**WHAT THE TASK ASKS**. The required output is the lines below from the line containing "#176=VECTOR('',#175,1.);" to the line containing "#191=EDGE_CURVE('E335',#180,#190,#188,.T.);", inclusive, retyped exactly. No other lines belong in it.

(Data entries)
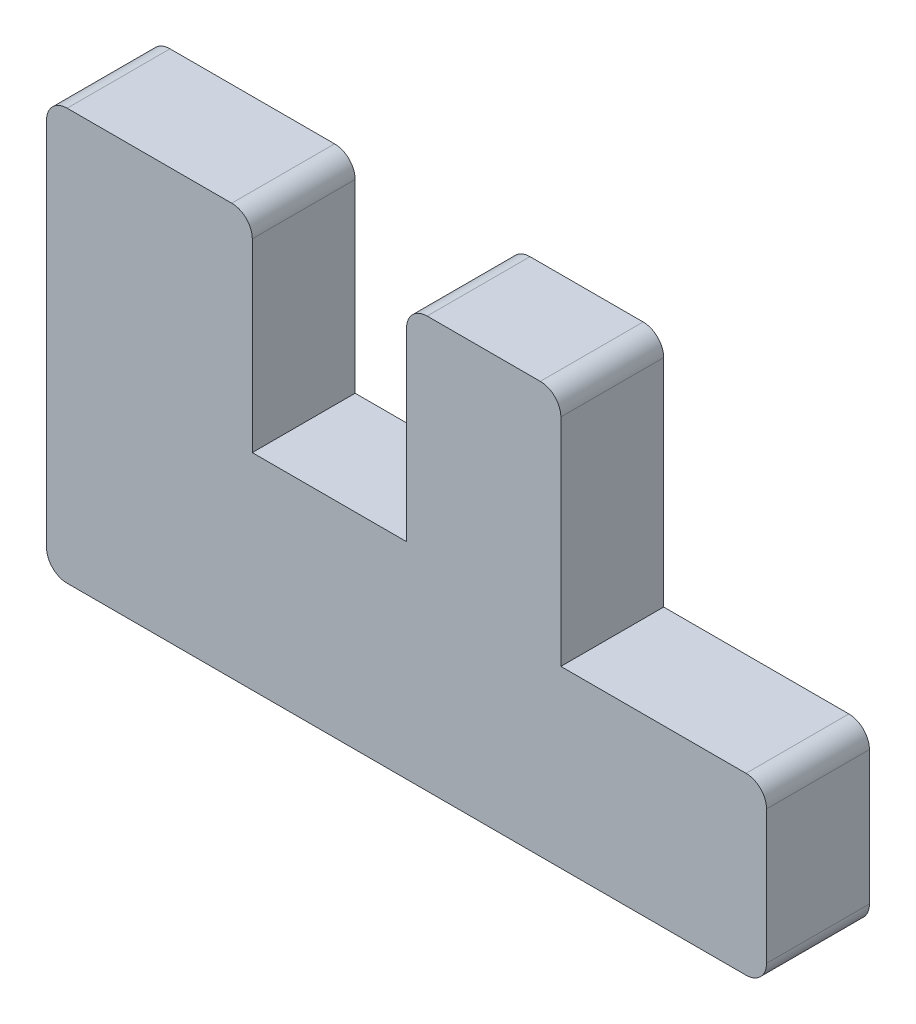
ISO-10303-21;
HEADER;
FILE_DESCRIPTION(('STEP AP214'),'2;1');
FILE_NAME('part.step','',(''),(''),'','','');
FILE_SCHEMA(('AUTOMOTIVE_DESIGN { 1 0 10303 214 1 1 1 1 }'));
ENDSEC;
DATA;
#1=APPLICATION_CONTEXT('core data for automotive mechanical design processes');
#2=APPLICATION_PROTOCOL_DEFINITION('international standard','automotive_design',2000,#1);
#3=PRODUCT_CONTEXT('',#1,'mechanical');
#4=PRODUCT('Part','Part','',(#3));
#5=PRODUCT_RELATED_PRODUCT_CATEGORY('part','',(#4));
#6=PRODUCT_DEFINITION_FORMATION('','',#4);
#7=PRODUCT_DEFINITION_CONTEXT('part definition',#1,'design');
#8=PRODUCT_DEFINITION('design','',#6,#7);
#9=PRODUCT_DEFINITION_SHAPE('','',#8);
#10=(LENGTH_UNIT() NAMED_UNIT(*) SI_UNIT(.MILLI.,.METRE.));
#11=(NAMED_UNIT(*) PLANE_ANGLE_UNIT() SI_UNIT($,.RADIAN.));
#12=(NAMED_UNIT(*) SI_UNIT($,.STERADIAN.) SOLID_ANGLE_UNIT());
#13=UNCERTAINTY_MEASURE_WITH_UNIT(LENGTH_MEASURE(1.E-05),#10,'distance_accuracy_value','');
#14=(GEOMETRIC_REPRESENTATION_CONTEXT(3) GLOBAL_UNCERTAINTY_ASSIGNED_CONTEXT((#13)) GLOBAL_UNIT_ASSIGNED_CONTEXT((#10,
#11,#12)) REPRESENTATION_CONTEXT('',''));
#15=CARTESIAN_POINT('',(0.,0.,0.));
#16=DIRECTION('',(0.,0.,1.));
#17=DIRECTION('',(1.,0.,0.));
#18=AXIS2_PLACEMENT_3D('',#15,#16,#17);
#19=CARTESIAN_POINT('',(0.,0.,12.7));
#20=DIRECTION('',(0.,1.,0.));
#21=DIRECTION('',(0.,0.,1.));
#22=AXIS2_PLACEMENT_3D('',#19,#20,#21);
#23=PLANE('',#22);
#24=DIRECTION('',(1.,0.,0.));
#25=VECTOR('',#24,1.);
#26=CARTESIAN_POINT('',(0.,0.,0.));
#27=LINE('',#26,#25);
#28=CARTESIAN_POINT('',(2.54,0.,0.));
#29=VERTEX_POINT('',#28);
#30=CARTESIAN_POINT('',(86.36,0.,0.));
#31=VERTEX_POINT('',#30);
#32=EDGE_CURVE('E219',#29,#31,#27,.T.);
#33=ORIENTED_EDGE('',*,*,#32,.T.);
#34=DIRECTION('',(0.,0.,-1.));
#35=VECTOR('',#34,1.);
#36=CARTESIAN_POINT('',(86.36,0.,12.7));
#37=LINE('',#36,#35);
#38=CARTESIAN_POINT('',(86.36,0.,12.7));
#39=VERTEX_POINT('',#38);
#40=EDGE_CURVE('E291',#31,#39,#37,.F.);
#41=ORIENTED_EDGE('',*,*,#40,.T.);
#42=DIRECTION('',(1.,0.,0.));
#43=VECTOR('',#42,1.);
#44=CARTESIAN_POINT('',(0.,0.,12.7));
#45=LINE('',#44,#43);
#46=CARTESIAN_POINT('',(2.54,0.,12.7));
#47=VERTEX_POINT('',#46);
#48=EDGE_CURVE('E253',#47,#39,#45,.T.);
#49=ORIENTED_EDGE('',*,*,#48,.F.);
#50=DIRECTION('',(0.,0.,-1.));
#51=VECTOR('',#50,1.);
#52=CARTESIAN_POINT('',(2.54,0.,12.7));
#53=LINE('',#52,#51);
#54=EDGE_CURVE('E287',#47,#29,#53,.T.);
#55=ORIENTED_EDGE('',*,*,#54,.T.);
#56=EDGE_LOOP('',(#33,#41,#49,#55));
#57=FACE_BOUND('',#56,.T.);
#58=ADVANCED_FACE('F43',(#57),#23,.F.);
#59=CARTESIAN_POINT('',(88.9,0.,12.7));
#60=DIRECTION('',(-1.,0.,0.));
#61=DIRECTION('',(0.,0.,1.));
#62=AXIS2_PLACEMENT_3D('',#59,#60,#61);
#63=PLANE('',#62);
#64=DIRECTION('',(0.,1.,0.));
#65=VECTOR('',#64,1.);
#66=CARTESIAN_POINT('',(88.9,0.,12.7));
#67=LINE('',#66,#65);
#68=CARTESIAN_POINT('',(88.9,2.54,12.7));
#69=VERTEX_POINT('',#68);
#70=CARTESIAN_POINT('',(88.9,19.05,12.7));
#71=VERTEX_POINT('',#70);
#72=EDGE_CURVE('E178',#69,#71,#67,.T.);
#73=ORIENTED_EDGE('',*,*,#72,.F.);
#74=DIRECTION('',(0.,0.,-1.));
#75=VECTOR('',#74,1.);
#76=CARTESIAN_POINT('',(88.9,2.54,12.7));
#77=LINE('',#76,#75);
#78=CARTESIAN_POINT('',(88.9,2.54,0.));
#79=VERTEX_POINT('',#78);
#80=EDGE_CURVE('E262',#69,#79,#77,.T.);
#81=ORIENTED_EDGE('',*,*,#80,.T.);
#82=DIRECTION('',(0.,1.,0.));
#83=VECTOR('',#82,1.);
#84=CARTESIAN_POINT('',(88.9,0.,0.));
#85=LINE('',#84,#83);
#86=CARTESIAN_POINT('',(88.9,19.05,0.));
#87=VERTEX_POINT('',#86);
#88=EDGE_CURVE('E223',#79,#87,#85,.T.);
#89=ORIENTED_EDGE('',*,*,#88,.T.);
#90=DIRECTION('',(0.,0.,-1.));
#91=VECTOR('',#90,1.);
#92=CARTESIAN_POINT('',(88.9,19.05,12.7));
#93=LINE('',#92,#91);
#94=EDGE_CURVE('E189',#87,#71,#93,.F.);
#95=ORIENTED_EDGE('',*,*,#94,.T.);
#96=EDGE_LOOP('',(#73,#81,#89,#95));
#97=FACE_BOUND('',#96,.T.);
#98=ADVANCED_FACE('F373',(#97),#63,.F.);
#99=CARTESIAN_POINT('',(88.9,21.59,12.7));
#100=DIRECTION('',(0.,-1.,0.));
#101=DIRECTION('',(0.,0.,-1.));
#102=AXIS2_PLACEMENT_3D('',#99,#100,#101);
#103=PLANE('',#102);
#104=DIRECTION('',(-1.,0.,0.));
#105=VECTOR('',#104,1.);
#106=CARTESIAN_POINT('',(88.9,21.59,12.7));
#107=LINE('',#106,#105);
#108=CARTESIAN_POINT('',(86.36,21.59,12.7));
#109=VERTEX_POINT('',#108);
#110=CARTESIAN_POINT('',(63.5,21.59,12.7));
#111=VERTEX_POINT('',#110);
#112=EDGE_CURVE('E164',#109,#111,#107,.T.);
#113=ORIENTED_EDGE('',*,*,#112,.F.);
#114=DIRECTION('',(0.,0.,-1.));
#115=VECTOR('',#114,1.);
#116=CARTESIAN_POINT('',(86.36,21.59,12.7));
#117=LINE('',#116,#115);
#118=CARTESIAN_POINT('',(86.36,21.59,0.));
#119=VERTEX_POINT('',#118);
#120=EDGE_CURVE('E313',#109,#119,#117,.T.);
#121=ORIENTED_EDGE('',*,*,#120,.T.);
#122=DIRECTION('',(-1.,0.,0.));
#123=VECTOR('',#122,1.);
#124=CARTESIAN_POINT('',(88.9,21.59,0.));
#125=LINE('',#124,#123);
#126=CARTESIAN_POINT('',(63.5,21.59,0.));
#127=VERTEX_POINT('',#126);
#128=EDGE_CURVE('E184',#119,#127,#125,.T.);
#129=ORIENTED_EDGE('',*,*,#128,.T.);
#130=DIRECTION('',(0.,0.,-1.));
#131=VECTOR('',#130,1.);
#132=CARTESIAN_POINT('',(63.5,21.59,12.7));
#133=LINE('',#132,#131);
#134=EDGE_CURVE('E181',#111,#127,#133,.T.);
#135=ORIENTED_EDGE('',*,*,#134,.F.);
#136=EDGE_LOOP('',(#113,#121,#129,#135));
#137=FACE_BOUND('',#136,.T.);
#138=ADVANCED_FACE('F182',(#137),#103,.F.);
#139=CARTESIAN_POINT('',(63.5,50.8,12.7));
#140=DIRECTION('',(-1.,0.,0.));
#141=DIRECTION('',(0.,0.,1.));
#142=AXIS2_PLACEMENT_3D('',#139,#140,#141);
#143=PLANE('',#142);
#144=DIRECTION('',(0.,1.,0.));
#145=VECTOR('',#144,1.);
#146=CARTESIAN_POINT('',(63.5,50.8,0.));
#147=LINE('',#146,#145);
#148=CARTESIAN_POINT('',(63.5,48.26,0.));
#149=VERTEX_POINT('',#148);
#150=EDGE_CURVE('E229',#127,#149,#147,.T.);
#151=ORIENTED_EDGE('',*,*,#150,.T.);
#152=DIRECTION('',(0.,0.,-1.));
#153=VECTOR('',#152,1.);
#154=CARTESIAN_POINT('',(63.5,48.26,12.7));
#155=LINE('',#154,#153);
#156=CARTESIAN_POINT('',(63.5,48.26,12.7));
#157=VERTEX_POINT('',#156);
#158=EDGE_CURVE('E52',#149,#157,#155,.F.);
#159=ORIENTED_EDGE('',*,*,#158,.T.);
#160=DIRECTION('',(0.,1.,0.));
#161=VECTOR('',#160,1.);
#162=CARTESIAN_POINT('',(63.5,50.8,12.7));
#163=LINE('',#162,#161);
#164=EDGE_CURVE('E169',#111,#157,#163,.T.);
#165=ORIENTED_EDGE('',*,*,#164,.F.);
#166=ORIENTED_EDGE('',*,*,#134,.T.);
#167=EDGE_LOOP('',(#151,#159,#165,#166));
#168=FACE_BOUND('',#167,.T.);
#169=ADVANCED_FACE('F192',(#168),#143,.F.);
#170=CARTESIAN_POINT('',(44.45,50.8,12.7));
#171=DIRECTION('',(0.,-1.,0.));
#172=DIRECTION('',(0.,0.,-1.));
#173=AXIS2_PLACEMENT_3D('',#170,#171,#172);
#174=PLANE('',#173);
#175=DIRECTION('',(-1.,0.,0.));
#176=VECTOR('',#175,1.);
#177=CARTESIAN_POINT('',(44.45,50.8,12.7));
#178=LINE('',#177,#176);
#179=CARTESIAN_POINT('',(60.96,50.8,12.7));
#180=VERTEX_POINT('',#179);
#181=CARTESIAN_POINT('',(46.99,50.8,12.7));
#182=VERTEX_POINT('',#181);
#183=EDGE_CURVE('E195',#180,#182,#178,.T.);
#184=ORIENTED_EDGE('',*,*,#183,.F.);
#185=DIRECTION('',(0.,0.,-1.));
#186=VECTOR('',#185,1.);
#187=CARTESIAN_POINT('',(60.96,50.8,12.7));
#188=LINE('',#187,#186);
#189=CARTESIAN_POINT('',(60.96,50.8,0.));
#190=VERTEX_POINT('',#189);
#191=EDGE_CURVE('E335',#180,#190,#188,.T.);
#192=ORIENTED_EDGE('',*,*,#191,.T.);
#193=DIRECTION('',(-1.,0.,0.));
#194=VECTOR('',#193,1.);
#195=CARTESIAN_POINT('',(44.45,50.8,0.));
#196=LINE('',#195,#194);
#197=CARTESIAN_POINT('',(46.99,50.8,0.));
#198=VERTEX_POINT('',#197);
#199=EDGE_CURVE('E232',#190,#198,#196,.T.);
#200=ORIENTED_EDGE('',*,*,#199,.T.);
#201=DIRECTION('',(0.,0.,-1.));
#202=VECTOR('',#201,1.);
#203=CARTESIAN_POINT('',(46.99,50.8,12.7));
#204=LINE('',#203,#202);
#205=EDGE_CURVE('E332',#198,#182,#204,.F.);
#206=ORIENTED_EDGE('',*,*,#205,.T.);
#207=EDGE_LOOP('',(#184,#192,#200,#206));
#208=FACE_BOUND('',#207,.T.);
#209=ADVANCED_FACE('F343',(#208),#174,.F.);
#210=CARTESIAN_POINT('',(44.45,25.4,12.7));
#211=DIRECTION('',(1.,0.,0.));
#212=DIRECTION('',(0.,0.,-1.));
#213=AXIS2_PLACEMENT_3D('',#210,#211,#212);
#214=PLANE('',#213);
#215=DIRECTION('',(0.,-1.,0.));
#216=VECTOR('',#215,1.);
#217=CARTESIAN_POINT('',(44.45,25.4,12.7));
#218=LINE('',#217,#216);
#219=CARTESIAN_POINT('',(44.45,48.26,12.7));
#220=VERTEX_POINT('',#219);
#221=CARTESIAN_POINT('',(44.45,25.4,12.7));
#222=VERTEX_POINT('',#221);
#223=EDGE_CURVE('E199',#220,#222,#218,.T.);
#224=ORIENTED_EDGE('',*,*,#223,.F.);
#225=DIRECTION('',(0.,0.,-1.));
#226=VECTOR('',#225,1.);
#227=CARTESIAN_POINT('',(44.45,48.26,12.7));
#228=LINE('',#227,#226);
#229=CARTESIAN_POINT('',(44.45,48.26,0.));
#230=VERTEX_POINT('',#229);
#231=EDGE_CURVE('E11',#220,#230,#228,.T.);
#232=ORIENTED_EDGE('',*,*,#231,.T.);
#233=DIRECTION('',(0.,-1.,0.));
#234=VECTOR('',#233,1.);
#235=CARTESIAN_POINT('',(44.45,25.4,0.));
#236=LINE('',#235,#234);
#237=CARTESIAN_POINT('',(44.45,25.4,0.));
#238=VERTEX_POINT('',#237);
#239=EDGE_CURVE('E236',#230,#238,#236,.T.);
#240=ORIENTED_EDGE('',*,*,#239,.T.);
#241=DIRECTION('',(0.,0.,-1.));
#242=VECTOR('',#241,1.);
#243=CARTESIAN_POINT('',(44.45,25.4,12.7));
#244=LINE('',#243,#242);
#245=EDGE_CURVE('E190',#222,#238,#244,.T.);
#246=ORIENTED_EDGE('',*,*,#245,.F.);
#247=EDGE_LOOP('',(#224,#232,#240,#246));
#248=FACE_BOUND('',#247,.T.);
#249=ADVANCED_FACE('F357',(#248),#214,.F.);
#250=CARTESIAN_POINT('',(25.4,25.4,12.7));
#251=DIRECTION('',(0.,-1.,0.));
#252=DIRECTION('',(1.,0.,0.));
#253=AXIS2_PLACEMENT_3D('',#250,#251,#252);
#254=PLANE('',#253);
#255=DIRECTION('',(-1.,0.,0.));
#256=VECTOR('',#255,1.);
#257=CARTESIAN_POINT('',(25.4,25.4,0.));
#258=LINE('',#257,#256);
#259=CARTESIAN_POINT('',(25.4,25.4,0.));
#260=VERTEX_POINT('',#259);
#261=EDGE_CURVE('E239',#238,#260,#258,.T.);
#262=ORIENTED_EDGE('',*,*,#261,.T.);
#263=DIRECTION('',(0.,0.,-1.));
#264=VECTOR('',#263,1.);
#265=CARTESIAN_POINT('',(25.4,25.4,12.7));
#266=LINE('',#265,#264);
#267=CARTESIAN_POINT('',(25.4,25.4,12.7));
#268=VERTEX_POINT('',#267);
#269=EDGE_CURVE('E218',#268,#260,#266,.T.);
#270=ORIENTED_EDGE('',*,*,#269,.F.);
#271=DIRECTION('',(-1.,0.,0.));
#272=VECTOR('',#271,1.);
#273=CARTESIAN_POINT('',(25.4,25.4,12.7));
#274=LINE('',#273,#272);
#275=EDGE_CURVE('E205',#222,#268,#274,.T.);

**WRITTEN RESPONSE**.
#176=VECTOR('',#175,1.);
#177=CARTESIAN_POINT('',(44.45,50.8,12.7));
#178=LINE('',#177,#176);
#179=CARTESIAN_POINT('',(60.96,50.8,12.7));
#180=VERTEX_POINT('',#179);
#181=CARTESIAN_POINT('',(46.99,50.8,12.7));
#182=VERTEX_POINT('',#181);
#183=EDGE_CURVE('E195',#180,#182,#178,.T.);
#184=ORIENTED_EDGE('',*,*,#183,.F.);
#185=DIRECTION('',(0.,0.,-1.));
#186=VECTOR('',#185,1.);
#187=CARTESIAN_POINT('',(60.96,50.8,12.7));
#188=LINE('',#187,#186);
#189=CARTESIAN_POINT('',(60.96,50.8,0.));
#190=VERTEX_POINT('',#189);
#191=EDGE_CURVE('E335',#180,#190,#188,.T.);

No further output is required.